The lines to find are those in the entries that hold the word "Created"; copy every one of them.

EXERCISE INPUT:
━━━

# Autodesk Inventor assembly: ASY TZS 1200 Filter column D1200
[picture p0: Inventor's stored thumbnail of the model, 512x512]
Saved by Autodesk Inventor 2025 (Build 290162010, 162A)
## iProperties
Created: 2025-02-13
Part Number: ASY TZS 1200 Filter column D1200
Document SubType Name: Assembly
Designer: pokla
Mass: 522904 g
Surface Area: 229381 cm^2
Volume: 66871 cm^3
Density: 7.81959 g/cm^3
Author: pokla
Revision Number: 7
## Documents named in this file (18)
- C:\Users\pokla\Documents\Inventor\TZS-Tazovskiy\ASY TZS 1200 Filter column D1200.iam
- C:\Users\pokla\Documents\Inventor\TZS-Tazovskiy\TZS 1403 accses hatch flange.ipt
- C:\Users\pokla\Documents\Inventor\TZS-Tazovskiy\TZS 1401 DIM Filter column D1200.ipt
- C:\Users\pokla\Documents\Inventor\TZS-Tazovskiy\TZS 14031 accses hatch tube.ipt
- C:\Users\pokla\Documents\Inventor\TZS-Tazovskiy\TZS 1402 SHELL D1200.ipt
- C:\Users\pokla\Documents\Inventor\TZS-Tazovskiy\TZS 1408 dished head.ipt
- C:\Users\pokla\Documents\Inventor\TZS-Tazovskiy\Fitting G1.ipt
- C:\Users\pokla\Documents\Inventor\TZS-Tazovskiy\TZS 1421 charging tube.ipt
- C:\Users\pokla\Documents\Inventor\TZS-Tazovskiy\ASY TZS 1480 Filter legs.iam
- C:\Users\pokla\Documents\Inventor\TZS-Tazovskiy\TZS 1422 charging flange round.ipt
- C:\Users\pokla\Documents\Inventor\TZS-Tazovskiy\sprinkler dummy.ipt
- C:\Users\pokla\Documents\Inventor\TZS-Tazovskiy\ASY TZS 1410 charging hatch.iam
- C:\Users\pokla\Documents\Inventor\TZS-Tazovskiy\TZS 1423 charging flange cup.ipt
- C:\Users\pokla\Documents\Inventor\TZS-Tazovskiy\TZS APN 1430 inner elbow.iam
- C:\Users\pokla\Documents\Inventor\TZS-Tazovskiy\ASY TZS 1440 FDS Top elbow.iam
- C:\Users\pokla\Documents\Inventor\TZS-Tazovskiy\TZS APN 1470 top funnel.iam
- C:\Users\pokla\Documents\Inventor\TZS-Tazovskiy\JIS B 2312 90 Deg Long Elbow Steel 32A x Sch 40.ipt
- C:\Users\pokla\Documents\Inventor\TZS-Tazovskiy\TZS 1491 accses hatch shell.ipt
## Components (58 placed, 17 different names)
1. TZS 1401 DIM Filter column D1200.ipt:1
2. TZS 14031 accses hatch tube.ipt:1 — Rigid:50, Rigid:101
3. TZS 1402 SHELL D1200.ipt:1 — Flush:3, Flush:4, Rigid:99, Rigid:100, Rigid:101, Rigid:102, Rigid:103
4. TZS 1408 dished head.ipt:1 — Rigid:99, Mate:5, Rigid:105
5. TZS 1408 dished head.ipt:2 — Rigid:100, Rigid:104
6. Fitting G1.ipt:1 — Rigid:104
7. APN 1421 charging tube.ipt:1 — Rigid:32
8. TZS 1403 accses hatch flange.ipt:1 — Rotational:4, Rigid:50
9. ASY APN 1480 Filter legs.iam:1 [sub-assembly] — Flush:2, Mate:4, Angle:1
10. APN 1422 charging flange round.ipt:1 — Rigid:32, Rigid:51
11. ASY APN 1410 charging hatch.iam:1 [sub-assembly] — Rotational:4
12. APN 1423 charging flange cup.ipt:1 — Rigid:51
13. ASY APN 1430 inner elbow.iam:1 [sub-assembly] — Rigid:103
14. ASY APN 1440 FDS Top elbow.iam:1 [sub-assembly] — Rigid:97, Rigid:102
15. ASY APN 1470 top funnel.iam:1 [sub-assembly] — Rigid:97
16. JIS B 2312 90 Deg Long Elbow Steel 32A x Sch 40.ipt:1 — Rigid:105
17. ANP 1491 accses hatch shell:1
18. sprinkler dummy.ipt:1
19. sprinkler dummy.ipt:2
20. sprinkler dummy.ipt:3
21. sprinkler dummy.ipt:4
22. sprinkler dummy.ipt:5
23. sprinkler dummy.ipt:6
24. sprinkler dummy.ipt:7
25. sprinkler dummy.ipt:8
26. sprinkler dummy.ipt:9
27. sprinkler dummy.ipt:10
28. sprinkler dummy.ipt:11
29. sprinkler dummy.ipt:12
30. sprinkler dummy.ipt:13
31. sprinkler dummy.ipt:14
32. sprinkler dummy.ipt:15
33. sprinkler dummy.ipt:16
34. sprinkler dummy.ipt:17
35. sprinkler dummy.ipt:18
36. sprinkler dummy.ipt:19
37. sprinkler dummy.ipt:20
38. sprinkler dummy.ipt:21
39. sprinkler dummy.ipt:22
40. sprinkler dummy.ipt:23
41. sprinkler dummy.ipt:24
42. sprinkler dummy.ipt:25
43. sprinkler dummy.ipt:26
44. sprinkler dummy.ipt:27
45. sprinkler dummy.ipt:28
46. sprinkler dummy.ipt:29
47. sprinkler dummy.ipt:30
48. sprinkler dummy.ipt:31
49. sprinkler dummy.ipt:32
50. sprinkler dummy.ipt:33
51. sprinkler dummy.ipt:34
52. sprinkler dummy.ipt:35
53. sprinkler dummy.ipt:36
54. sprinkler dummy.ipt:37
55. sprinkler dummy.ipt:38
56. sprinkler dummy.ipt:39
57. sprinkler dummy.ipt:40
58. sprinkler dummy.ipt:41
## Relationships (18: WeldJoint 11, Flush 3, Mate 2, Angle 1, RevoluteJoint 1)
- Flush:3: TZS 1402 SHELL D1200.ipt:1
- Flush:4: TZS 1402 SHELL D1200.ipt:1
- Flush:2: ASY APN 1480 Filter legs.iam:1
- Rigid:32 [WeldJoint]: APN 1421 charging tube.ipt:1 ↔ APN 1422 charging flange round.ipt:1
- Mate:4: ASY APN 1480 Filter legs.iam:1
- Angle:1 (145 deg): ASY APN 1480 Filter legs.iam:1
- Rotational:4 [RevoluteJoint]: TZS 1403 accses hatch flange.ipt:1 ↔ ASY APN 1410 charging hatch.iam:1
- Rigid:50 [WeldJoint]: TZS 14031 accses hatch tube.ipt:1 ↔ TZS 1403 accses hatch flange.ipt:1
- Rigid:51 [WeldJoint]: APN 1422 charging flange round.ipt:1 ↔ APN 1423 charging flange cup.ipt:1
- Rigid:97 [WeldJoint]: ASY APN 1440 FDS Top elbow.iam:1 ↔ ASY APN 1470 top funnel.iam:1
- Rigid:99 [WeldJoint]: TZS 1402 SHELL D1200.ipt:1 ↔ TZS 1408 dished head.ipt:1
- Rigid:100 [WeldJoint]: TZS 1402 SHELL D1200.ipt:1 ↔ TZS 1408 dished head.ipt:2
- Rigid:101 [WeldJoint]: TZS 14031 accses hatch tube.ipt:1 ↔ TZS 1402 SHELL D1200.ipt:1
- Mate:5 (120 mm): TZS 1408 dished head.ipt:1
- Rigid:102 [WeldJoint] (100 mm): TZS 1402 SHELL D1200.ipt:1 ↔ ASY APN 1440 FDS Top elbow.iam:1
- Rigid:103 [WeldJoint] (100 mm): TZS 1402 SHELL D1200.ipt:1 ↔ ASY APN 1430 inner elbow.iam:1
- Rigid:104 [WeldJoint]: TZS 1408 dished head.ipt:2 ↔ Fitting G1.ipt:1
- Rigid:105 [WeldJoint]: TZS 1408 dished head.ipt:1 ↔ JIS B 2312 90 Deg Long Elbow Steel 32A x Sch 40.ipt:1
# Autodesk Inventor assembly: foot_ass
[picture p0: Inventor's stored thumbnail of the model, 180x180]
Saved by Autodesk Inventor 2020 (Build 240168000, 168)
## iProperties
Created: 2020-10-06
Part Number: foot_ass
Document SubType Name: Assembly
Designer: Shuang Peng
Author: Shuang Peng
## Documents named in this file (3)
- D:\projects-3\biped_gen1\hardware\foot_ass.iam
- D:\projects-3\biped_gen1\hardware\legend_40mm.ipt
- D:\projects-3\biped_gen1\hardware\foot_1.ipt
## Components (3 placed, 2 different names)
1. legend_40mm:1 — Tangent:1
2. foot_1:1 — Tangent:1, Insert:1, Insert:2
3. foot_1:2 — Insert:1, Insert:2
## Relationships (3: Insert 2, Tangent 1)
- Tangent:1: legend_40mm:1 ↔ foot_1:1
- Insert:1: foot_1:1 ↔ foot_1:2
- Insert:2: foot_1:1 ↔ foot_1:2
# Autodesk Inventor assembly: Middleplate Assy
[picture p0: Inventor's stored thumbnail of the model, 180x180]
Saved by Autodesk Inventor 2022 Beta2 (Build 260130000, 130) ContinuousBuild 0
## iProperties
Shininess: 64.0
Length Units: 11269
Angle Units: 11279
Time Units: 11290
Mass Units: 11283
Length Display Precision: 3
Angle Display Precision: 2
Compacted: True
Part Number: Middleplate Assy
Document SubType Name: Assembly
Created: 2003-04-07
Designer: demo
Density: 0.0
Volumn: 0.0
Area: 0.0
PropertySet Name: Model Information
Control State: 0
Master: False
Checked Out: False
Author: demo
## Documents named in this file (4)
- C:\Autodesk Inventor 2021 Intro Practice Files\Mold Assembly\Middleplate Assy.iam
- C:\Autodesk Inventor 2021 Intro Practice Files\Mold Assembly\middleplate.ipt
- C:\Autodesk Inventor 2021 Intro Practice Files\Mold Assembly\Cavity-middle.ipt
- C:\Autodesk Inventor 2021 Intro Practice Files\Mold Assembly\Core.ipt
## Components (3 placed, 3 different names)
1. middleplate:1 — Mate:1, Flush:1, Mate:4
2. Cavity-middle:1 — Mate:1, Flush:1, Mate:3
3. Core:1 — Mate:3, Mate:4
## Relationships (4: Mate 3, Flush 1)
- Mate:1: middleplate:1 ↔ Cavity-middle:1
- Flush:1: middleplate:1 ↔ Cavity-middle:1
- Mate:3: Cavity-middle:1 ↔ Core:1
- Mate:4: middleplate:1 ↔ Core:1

━━━

EXERCISE ANSWER:
Created: 2025-02-13
Created: 2020-10-06
Created: 2003-04-07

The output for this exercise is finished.